Nondimeno, per il loro rilievo
pratico, non si può fare a meno di ricordare due decisioni pronunciate nel
corso dell’anno 2000: le sentenze nn.
319 e 431.
Con la prima la Corte ha
dichiarato l’illegittimità costituzionale degli artt. 10 e 147 della legge
fallimentare, nella parte in cui (secondo il diritto vivente) non prevedevano
che il termine di un anno dalla cessazione dell’attività d’impresa - già
stabilito come limite temporale per la dichiarazione di fallimento
dell’imprenditore individuale - si estendesse anche alla dichiarazione di
fallimento della società e dei soci a responsabilità illimitata di società
fallita, rispettivamente con decorrenza dalla cancellazione della società dal
registro delle imprese e dal momento in cui i soci avessero perso, per
qualsiasi causa, la responsabilità illimitata: ciò in ossequio al generale
principio di certezza delle situazioni giuridiche e delle conseguenze che dalla
declaratoria di fallimento discendono sia per chi ne è colpito che per i terzi
che con lui siano entrati in rapporto.
Con la sentenza n. 431 la Corte
ha ritenuto non fondata la questione di legittimità costituzionale
dell’articolo 56, secondo comma, della legge fallimentare ( r. d. 16 marzo
1942, n. 267), censurato - nella parte in cui non prevede che la compensazione
non abbia luogo se il creditore ha acquistato il credito per atto tra vivi
nell’anno anteriore al fallimento, anche se il credito è scaduto - perché vi
sarebbe disparità di trattamento rispetto alle ipotesi di acquisto, ferme le
altre condizioni, di un credito non ancora scaduto.

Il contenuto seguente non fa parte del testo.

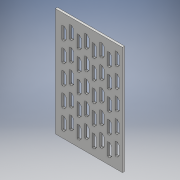
# Autodesk Inventor part: laminarFlowVOLUME50x31cm
Saved by Autodesk Inventor 2017 (Build 210142000, 142)
## iProperties
Created: 2018-08-04
Part Number: laminarFlowVOLUME50x31cm
Material: Generic
Document SubType Name: Modeling
Designer: qwertyuiop1
Density: 1 g/cm^3
Appearance: Default
Author: qwertyuiop1
Autodesk Inventor part; units mm, degrees
ref_plane "YZ Plane" through (0, 0, 0) normal (1, 0, 0) x (0, 1, 0)
ref_plane "XZ Plane" through (0, 0, 0) normal (0, 1, 0) x (-1, 0, 0)
ref_plane "XY Plane" through (0, 0, 0) normal (0, 0, 1) x (1, 0, 0)
sketch "Sketch1" plane through (0, 0, 0) normal (0, 1, 0) x (-1, 0, 0)
  line L0 (-32, 30) -> (-39.1716, 30)
  line L1 (-50, 40.8284) -> (-50, 79.1716)
  line L2 (-39.1716, 90) -> (-32, 90)
  line L3 (-30, 88) -> (-30, 32)
  line L4 (-49.4142, 80.5858) -> (-40.5858, 89.4142)
  line L5 (-40.5858, 30.5858) -> (-49.4142, 39.4142)
  arc A0 (-30, 88) -> (-32, 90) centre (-32, 88) ccw
  arc A1 (-39.1716, 90) -> (-40.5858, 89.4142) centre (-39.1716, 88) ccw
  arc A2 (-49.4142, 80.5858) -> (-50, 79.1716) centre (-48, 79.1716) ccw
  arc A3 (-50, 40.8284) -> (-49.4142, 39.4142) centre (-48, 40.8284) ccw
  arc A4 (-40.5858, 30.5858) -> (-39.1716, 30) centre (-39.1716, 32) ccw
  arc A5 (-32, 30) -> (-30, 32) centre (-32, 32) ccw
  line L6 (-32, 120) -> (-39.1716, 120)
  line L7 (-50, 130.8284) -> (-50, 169.1716)
  line L8 (-39.1716, 180) -> (-32, 180)
  line L9 (-30, 178) -> (-30, 122)
  line L10 (-49.4142, 170.5858) -> (-40.5858, 179.4142)
  line L11 (-40.5858, 120.5858) -> (-49.4142, 129.4142)
  arc A6 (-30, 178) -> (-32, 180) centre (-32, 178) ccw
  arc A7 (-39.1716, 180) -> (-40.5858, 179.4142) centre (-39.1716, 178) ccw
  arc A8 (-49.4142, 170.5858) -> (-50, 169.1716) centre (-48, 169.1716) ccw
  arc A9 (-50, 130.8284) -> (-49.4142, 129.4142) centre (-48, 130.8284) ccw
  arc A10 (-40.5858, 120.5858) -> (-39.1716, 120) centre (-39.1716, 122) ccw
  arc A11 (-32, 120) -> (-30, 122) centre (-32, 122) ccw
  line L12 (-32, 210) -> (-39.1716, 210)
  line L13 (-50, 220.8284) -> (-50, 259.1716)
  line L14 (-39.1716, 270) -> (-32, 270)
  line L15 (-30, 268) -> (-30, 212)
  line L16 (-49.4142, 260.5858) -> (-40.5858, 269.4142)
  line L17 (-40.5858, 210.5858) -> (-49.4142, 219.4142)
  arc A12 (-30, 268) -> (-32, 270) centre (-32, 268) ccw
  arc A13 (-39.1716, 270) -> (-40.5858, 269.4142) centre (-39.1716, 268) ccw
  arc A14 (-49.4142, 260.5858) -> (-50, 259.1716) centre (-48, 259.1716) ccw
  arc A15 (-50, 220.8284) -> (-49.4142, 219.4142) centre (-48, 220.8284) ccw
  arc A16 (-40.5858, 210.5858) -> (-39.1716, 210) centre (-39.1716, 212) ccw
  arc A17 (-32, 210) -> (-30, 212) centre (-32, 212) ccw
  line L18 (-32, 300) -> (-39.1716, 300)
  arc A18 (-50, 310.8284) -> (-49.4142, 309.4142) centre (-48, 310.8284) ccw
  arc A19 (-32, 300) -> (-30, 302) centre (-32, 302) ccw
  arc A20 (-40.5858, 300.5858) -> (-39.1716, 300) centre (-39.1716, 302) ccw
  line L19 (-40.5858, 300.5858) -> (-49.4142, 309.4142)
  line L20 (-50, 310.8284) -> (-50, 349.1716)
  line L21 (-30, 358) -> (-30, 302)
  arc A21 (-49.4142, 350.5858) -> (-50, 349.1716) centre (-48, 349.1716) ccw
  line L22 (-49.4142, 350.5858) -> (-40.5858, 359.4142)
  arc A22 (-39.1716, 360) -> (-40.5858, 359.4142) centre (-39.1716, 358) ccw
  line L23 (-39.1716, 360) -> (-32, 360)
  arc A23 (-30, 358) -> (-32, 360) centre (-32, 358) ccw
  line L24 (-32, 390) -> (-39.1716, 390)
  arc A24 (-40.5858, 390.5858) -> (-39.1716, 390) centre (-39.1716, 392) ccw
  arc A25 (-32, 390) -> (-30, 392) centre (-32, 392) ccw
  line L25 (-40.5858, 390.5858) -> (-49.4142, 399.4142)
  arc A26 (-50, 400.8284) -> (-49.4142, 399.4142) centre (-48, 400.8284) ccw
  line L26 (-30, 448) -> (-30, 392)
  line L27 (-50, 400.8284) -> (-50, 439.1716)
  arc A27 (-49.4142, 440.5858) -> (-50, 439.1716) centre (-48, 439.1716) ccw
  arc A28 (-30, 448) -> (-32, 450) centre (-32, 448) ccw
  line L28 (-39.1716, 450) -> (-32, 450)
  line L29 (-49.4142, 440.5858) -> (-40.5858, 449.4142)
  arc A29 (-39.1716, 450) -> (-40.5858, 449.4142) centre (-39.1716, 448) ccw
  line L30 (0, 0) -> (-309.0433, 0)
  line L31 (-309.0433, 0) -> (-309.0433, 500)
  line L32 (-309.0433, 500) -> (0, 500)
  line L33 (0, 500) -> (0, 0)
  line L34 (-67, 50) -> (-74.1716, 50)
  line L35 (-85, 60.8284) -> (-85, 99.1716)
  line L36 (-74.1716, 110) -> (-67, 110)
  line L37 (-65, 108) -> (-65, 52)
  line L38 (-84.4142, 100.5858) -> (-75.5858, 109.4142)
  line L39 (-75.5858, 50.5858) -> (-84.4142, 59.4142)
  arc A30 (-65, 108) -> (-67, 110) centre (-67, 108) ccw
  arc A31 (-74.1716, 110) -> (-75.5858, 109.4142) centre (-74.1716, 108) ccw
  arc A32 (-84.4142, 100.5858) -> (-85, 99.1716) centre (-83, 99.1716) ccw
  arc A33 (-85, 60.8284) -> (-84.4142, 59.4142) centre (-83, 60.8284) ccw
  arc A34 (-75.5858, 50.5858) -> (-74.1716, 50) centre (-74.1716, 52) ccw
  arc A35 (-67, 50) -> (-65, 52) centre (-67, 52) ccw
  line L40 (-67, 140) -> (-74.1716, 140)
  arc A36 (-85, 150.8284) -> (-84.4142, 149.4142) centre (-83, 150.8284) ccw
  arc A37 (-67, 140) -> (-65, 142) centre (-67, 142) ccw
  arc A38 (-75.5858, 140.5858) -> (-74.1716, 140) centre (-74.1716, 142) ccw
  line L41 (-75.5858, 140.5858) -> (-84.4142, 149.4142)
  line L42 (-85, 150.8284) -> (-85, 189.1716)
  line L43 (-65, 198) -> (-65, 142)
  arc A39 (-84.4142, 190.5858) -> (-85, 189.1716) centre (-83, 189.1716) ccw
  line L44 (-84.4142, 190.5858) -> (-75.5858, 199.4142)
  arc A40 (-74.1716, 200) -> (-75.5858, 199.4142) centre (-74.1716, 198) ccw
  line L45 (-74.1716, 200) -> (-67, 200)
  arc A41 (-65, 198) -> (-67, 200) centre (-67, 198) ccw
  line L46 (-67, 230) -> (-74.1716, 230)
  arc A42 (-85, 240.8284) -> (-84.4142, 239.4142) centre (-83, 240.8284) ccw
  arc A43 (-67, 230) -> (-65, 232) centre (-67, 232) ccw
  arc A44 (-75.5858, 230.5858) -> (-74.1716, 230) centre (-74.1716, 232) ccw
  line L47 (-75.5858, 230.5858) -> (-84.4142, 239.4142)
  line L48 (-85, 240.8284) -> (-85, 279.1716)
  line L49 (-65, 288) -> (-65, 232)
  arc A45 (-84.4142, 280.5858) -> (-85, 279.1716) centre (-83, 279.1716) ccw
  line L50 (-84.4142, 280.5858) -> (-75.5858, 289.4142)
  arc A46 (-74.1716, 290) -> (-75.5858, 289.4142) centre (-74.1716, 288) ccw
  line L51 (-74.1716, 290) -> (-67, 290)
  arc A47 (-65, 288) -> (-67, 290) centre (-67, 288) ccw
  line L52 (-67, 320) -> (-74.1716, 320)
  arc A48 (-75.5858, 320.5858) -> (-74.1716, 320) centre (-74.1716, 322) ccw
  arc A49 (-67, 320) -> (-65, 322) centre (-67, 322) ccw
  line L53 (-75.5858, 320.5858) -> (-84.4142, 329.4142)
  arc A50 (-85, 330.8284) -> (-84.4142, 329.4142) centre (-83, 330.8284) ccw
  line L54 (-65, 378) -> (-65, 322)
  line L55 (-85, 330.8284) -> (-85, 369.1716)
  arc A51 (-84.4142, 370.5858) -> (-85, 369.1716) centre (-83, 369.1716) ccw
  arc A52 (-65, 378) -> (-67, 380) centre (-67, 378) ccw
  line L56 (-74.1716, 380) -> (-67, 380)
  line L57 (-84.4142, 370.5858) -> (-75.5858, 379.4142)
  arc A53 (-74.1716, 380) -> (-75.5858, 379.4142) centre (-74.1716, 378) ccw
  line L58 (-67, 410) -> (-74.1716, 410)
  arc A54 (-75.5858, 410.5858) -> (-74.1716, 410) centre (-74.1716, 412) ccw
  arc A55 (-67, 410) -> (-65, 412) centre (-67, 412) ccw
  line L59 (-75.5858, 410.5858) -> (-84.4142, 419.4142)
  line L60 (-65, 468) -> (-65, 412)
  line L61 (-85, 420.8284) -> (-85, 459.1716)
  arc A56 (-85, 420.8284) -> (-84.4142, 419.4142) centre (-83, 420.8284) ccw
  arc A57 (-84.4142, 460.5858) -> (-85, 459.1716) centre (-83, 459.1716) ccw
  line L62 (-84.4142, 460.5858) -> (-75.5858, 469.4142)
  arc A58 (-74.1716, 470) -> (-75.5858, 469.4142) centre (-74.1716, 468) ccw
  line L63 (-74.1716, 470) -> (-67, 470)
  arc A59 (-65, 468) -> (-67, 470) centre (-67, 468) ccw
  line L64 (-102, 30) -> (-109.1716, 30)
  line L65 (-120, 40.8284) -> (-120, 79.1716)
  line L66 (-109.1716, 90) -> (-102, 90)
  line L67 (-100, 88) -> (-100, 32)
  line L68 (-119.4142, 80.5858) -> (-110.5858, 89.4142)
  line L69 (-110.5858, 30.5858) -> (-119.4142, 39.4142)
  arc A60 (-100, 88) -> (-102, 90) centre (-102, 88) ccw
  arc A61 (-109.1716, 90) -> (-110.5858, 89.4142) centre (-109.1716, 88) ccw
  arc A62 (-119.4142, 80.5858) -> (-120, 79.1716) centre (-118, 79.1716) ccw
  arc A63 (-120, 40.8284) -> (-119.4142, 39.4142) centre (-118, 40.8284) ccw
  arc A64 (-110.5858, 30.5858) -> (-109.1716, 30) centre (-109.1716, 32) ccw
  arc A65 (-102, 30) -> (-100, 32) centre (-102, 32) ccw
  line L70 (-102, 120) -> (-109.1716, 120)
  arc A66 (-120, 130.8284) -> (-119.4142, 129.4142) centre (-118, 130.8284) ccw
  arc A67 (-102, 120) -> (-100, 122) centre (-102, 122) ccw
  arc A68 (-110.5858, 120.5858) -> (-109.1716, 120) centre (-109.1716, 122) ccw
  line L71 (-110.5858, 120.5858) -> (-119.4142, 129.4142)
  line L72 (-120, 130.8284) -> (-120, 169.1716)
  line L73 (-100, 178) -> (-100, 122)
  arc A69 (-119.4142, 170.5858) -> (-120, 169.1716) centre (-118, 169.1716) ccw
  line L74 (-119.4142, 170.5858) -> (-110.5858, 179.4142)
  arc A70 (-109.1716, 180) -> (-110.5858, 179.4142) centre (-109.1716, 178) ccw
  line L75 (-109.1716, 180) -> (-102, 180)
  arc A71 (-100, 178) -> (-102, 180) centre (-102, 178) ccw
  line L76 (-102, 210) -> (-109.1716, 210)
  arc A72 (-120, 220.8284) -> (-119.4142, 219.4142) centre (-118, 220.8284) ccw
  arc A73 (-102, 210) -> (-100, 212) centre (-102, 212) ccw
  arc A74 (-110.5858, 210.5858) -> (-109.1716, 210) centre (-109.1716, 212) ccw
  line L77 (-110.5858, 210.5858) -> (-119.4142, 219.4142)
  line L78 (-120, 220.8284) -> (-120, 259.1716)
  line L79 (-100, 268) -> (-100, 212)
  arc A75 (-119.4142, 260.5858) -> (-120, 259.1716) centre (-118, 259.1716) ccw
  line L80 (-119.4142, 260.5858) -> (-110.5858, 269.4142)
  arc A76 (-109.1716, 270) -> (-110.5858, 269.4142) centre (-109.1716, 268) ccw
  line L81 (-109.1716, 270) -> (-102, 270)
  arc A77 (-100, 268) -> (-102, 270) centre (-102, 268) ccw
  line L82 (-102, 300) -> (-109.1716, 300)
  arc A78 (-110.5858, 300.5858) -> (-109.1716, 300) centre (-109.1716, 302) ccw
  arc A79 (-102, 300) -> (-100, 302) centre (-102, 302) ccw
  line L83 (-110.5858, 300.5858) -> (-119.4142, 309.4142)
  arc A80 (-120, 310.8284) -> (-119.4142, 309.4142) centre (-118, 310.8284) ccw
  line L84 (-100, 358) -> (-100, 302)
  line L85 (-120, 310.8284) -> (-120, 349.1716)
  arc A81 (-119.4142, 350.5858) -> (-120, 349.1716) centre (-118, 349.1716) ccw
  arc A82 (-100, 358) -> (-102, 360) centre (-102, 358) ccw
  line L86 (-109.1716, 360) -> (-102, 360)
  line L87 (-119.4142, 350.5858) -> (-110.5858, 359.4142)
  arc A83 (-109.1716, 360) -> (-110.5858, 359.4142) centre (-109.1716, 358) ccw
  line L88 (-102, 390) -> (-109.1716, 390)
  arc A84 (-110.5858, 390.5858) -> (-109.1716, 390) centre (-109.1716, 392) ccw
  arc A85 (-102, 390) -> (-100, 392) centre (-102, 392) ccw
  line L89 (-110.5858, 390.5858) -> (-119.4142, 399.4142)
  line L90 (-100, 448) -> (-100, 392)
  line L91 (-120, 400.8284) -> (-120, 439.1716)
  arc A86 (-120, 400.8284) -> (-119.4142, 399.4142) centre (-118, 400.8284) ccw
  arc A87 (-119.4142, 440.5858) -> (-120, 439.1716) centre (-118, 439.1716) ccw
  line L92 (-119.4142, 440.5858) -> (-110.5858, 449.4142)
  arc A88 (-109.1716, 450) -> (-110.5858, 449.4142) centre (-109.1716, 448) ccw
  line L93 (-109.1716, 450) -> (-102, 450)
  arc A89 (-100, 448) -> (-102, 450) centre (-102, 448) ccw
  arc A90 (-155, 420.8284) -> (-154.4142, 419.4142) centre (-153, 420.8284) ccw
  line L94 (-155, 420.8284) -> (-155, 459.1716)
  line L95 (-135, 468) -> (-135, 412)
  line L96 (-144.1716, 470) -> (-137, 470)
  arc A91 (-145.5858, 410.5858) -> (-144.1716, 410) centre (-144.1716, 412) ccw
  arc A92 (-137, 410) -> (-135, 412) centre (-137, 412) ccw
  line L97 (-145.5858, 410.5858) -> (-154.4142, 419.4142)
  arc A93 (-154.4142, 460.5858) -> (-155, 459.1716) centre (-153, 459.1716) ccw
  line L98 (-154.4142, 460.5858) -> (-145.5858, 469.4142)
  arc A94 (-135, 468) -> (-137, 470) centre (-137, 468) ccw
  arc A95 (-144.1716, 470) -> (-145.5858, 469.4142) centre (-144.1716, 468) ccw
  line L99 (-137, 50) -> (-144.1716, 50)
  arc A96 (-154.4142, 280.5858) -> (-155, 279.1716) centre (-153, 279.1716) ccw
  line L100 (-154.4142, 280.5858) -> (-145.5858, 289.4142)
  arc A97 (-144.1716, 290) -> (-145.5858, 289.4142) centre (-144.1716, 288) ccw
  arc A98 (-154.4142, 370.5858) -> (-155, 369.1716) centre (-153, 369.1716) ccw
  arc A99 (-155, 330.8284) -> (-154.4142, 329.4142) centre (-153, 330.8284) ccw
  arc A100 (-144.1716, 380) -> (-145.5858, 379.4142) centre (-144.1716, 378) ccw
  line L101 (-145.5858, 50.5858) -> (-154.4142, 59.4142)
  line L102 (-155, 60.8284) -> (-155, 99.1716)
  line L103 (-154.4142, 100.5858) -> (-145.5858, 109.4142)
  line L104 (-135, 108) -> (-135, 52)
  line L105 (-144.1716, 110) -> (-137, 110)
  line L106 (-155, 330.8284) -> (-155, 369.1716)
  line L107 (-144.1716, 290) -> (-137, 290)
  line L108 (-137, 320) -> (-144.1716, 320)
  line L109 (-137, 410) -> (-144.1716, 410)
  arc A101 (-137, 320) -> (-135, 322) centre (-137, 322) ccw
  arc A102 (-135, 288) -> (-137, 290) centre (-137, 288) ccw
  line L110 (-154.4142, 370.5858) -> (-145.5858, 379.4142)
  line L111 (-145.5858, 320.5858) -> (-154.4142, 329.4142)
  arc A103 (-135, 378) -> (-137, 380) centre (-137, 378) ccw
  arc A104 (-135, 108) -> (-137, 110) centre (-137, 108) ccw
  arc A105 (-144.1716, 110) -> (-145.5858, 109.4142) centre (-144.1716, 108) ccw
  arc A106 (-154.4142, 100.5858) -> (-155, 99.1716) centre (-153, 99.1716) ccw
  arc A107 (-155, 240.8284) -> (-154.4142, 239.4142) centre (-153, 240.8284) ccw
  arc A108 (-155, 60.8284) -> (-154.4142, 59.4142) centre (-153, 60.8284) ccw
  arc A109 (-145.5858, 50.5858) -> (-144.1716, 50) centre (-144.1716, 52) ccw
  arc A110 (-137, 50) -> (-135, 52) centre (-137, 52) ccw
  line L112 (-135, 378) -> (-135, 322)
  line L113 (-144.1716, 380) -> (-137, 380)
  line L114 (-137, 230) -> (-144.1716, 230)
  line L115 (-155, 240.8284) -> (-155, 279.1716)
  line L116 (-145.5858, 230.5858) -> (-154.4142, 239.4142)
  line L117 (-135, 288) -> (-135, 232)
  line L118 (-155, 150.8284) -> (-155, 189.1716)
  line L119 (-135, 198) -> (-135, 142)
  line L120 (-145.5858, 140.5858) -> (-154.4142, 149.4142)
  arc A111 (-155, 150.8284) -> (-154.4142, 149.4142) centre (-153, 150.8284) ccw
  arc A112 (-137, 140) -> (-135, 142) centre (-137, 142) ccw
  arc A113 (-145.5858, 140.5858) -> (-144.1716, 140) centre (-144.1716, 142) ccw
  line L121 (-137, 140) -> (-144.1716, 140)
  arc A114 (-145.5858, 320.5858) -> (-144.1716, 320) centre (-144.1716, 322) ccw
  arc A115 (-137, 230) -> (-135, 232) centre (-137, 232) ccw
  arc A116 (-145.5858, 230.5858) -> (-144.1716, 230) centre (-144.1716, 232) ccw
  line L122 (-144.1716, 200) -> (-137, 200)
  arc A117 (-144.1716, 200) -> (-145.5858, 199.4142) centre (-144.1716, 198) ccw
  arc A118 (-135, 198) -> (-137, 200) centre (-137, 198) ccw
  line L123 (-154.4142, 190.5858) -> (-145.5858, 199.4142)
  arc A119 (-154.4142, 190.5858) -> (-155, 189.1716) centre (-153, 189.1716) ccw
  line L124 (-172, 30) -> (-179.1716, 30)
  line L125 (-190, 40.8284) -> (-190, 79.1716)
  line L126 (-179.1716, 90) -> (-172, 90)
  line L127 (-170, 88) -> (-170, 32)
  line L128 (-189.4142, 80.5858) -> (-180.5858, 89.4142)
  line L129 (-180.5858, 30.5858) -> (-189.4142, 39.4142)
  arc A120 (-170, 88) -> (-172, 90) centre (-172, 88) ccw
  arc A121 (-179.1716, 90) -> (-180.5858, 89.4142) centre (-179.1716, 88) ccw
  arc A122 (-189.4142, 80.5858) -> (-190, 79.1716) centre (-188, 79.1716) ccw
  arc A123 (-190, 40.8284) -> (-189.4142, 39.4142) centre (-188, 40.8284) ccw
  arc A124 (-180.5858, 30.5858) -> (-179.1716, 30) centre (-179.1716, 32) ccw
  arc A125 (-172, 30) -> (-170, 32) centre (-172, 32) ccw
  line L130 (-172, 120) -> (-179.1716, 120)
  arc A126 (-190, 130.8284) -> (-189.4142, 129.4142) centre (-188, 130.8284) ccw
  arc A127 (-172, 120) -> (-170, 122) centre (-172, 122) ccw
  arc A128 (-180.5858, 120.5858) -> (-179.1716, 120) centre (-179.1716, 122) ccw
  line L131 (-180.5858, 120.5858) -> (-189.4142, 129.4142)
  line L132 (-190, 130.8284) -> (-190, 169.1716)
  line L133 (-170, 178) -> (-170, 122)
  arc A129 (-189.4142, 170.5858) -> (-190, 169.1716) centre (-188, 169.1716) ccw
  line L134 (-189.4142, 170.5858) -> (-180.5858, 179.4142)
  arc A130 (-179.1716, 180) -> (-180.5858, 179.4142) centre (-179.1716, 178) ccw
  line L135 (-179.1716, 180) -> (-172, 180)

Mentre in quest’ultimo caso
la compensazione è esclusa, nel primo è invece ammessa, nonostante che ricorrano
le identiche esigenze di non violare il principio del concorso sostanziale dei
creditori e di evitare la creazione di un mercato dei crediti verso
l’imprenditore insolvente. La Corte ha osservato che la differenza di
trattamento fra crediti scaduti prima del fallimento e crediti non ancora
scaduti trova plausibile spiegazione nel fatto che solo con riguardo ai primi
l’effetto estintivo proprio della compensazione deve intendersi realizzato
anteriormente alla dichiarazione del fallimento, onde le censure alla normativa
si muovono tutte nell’ambito delle mere valutazioni di opportunità e di
efficacia pratica e sono estranee allo scrutinio di legittimità costituzionale.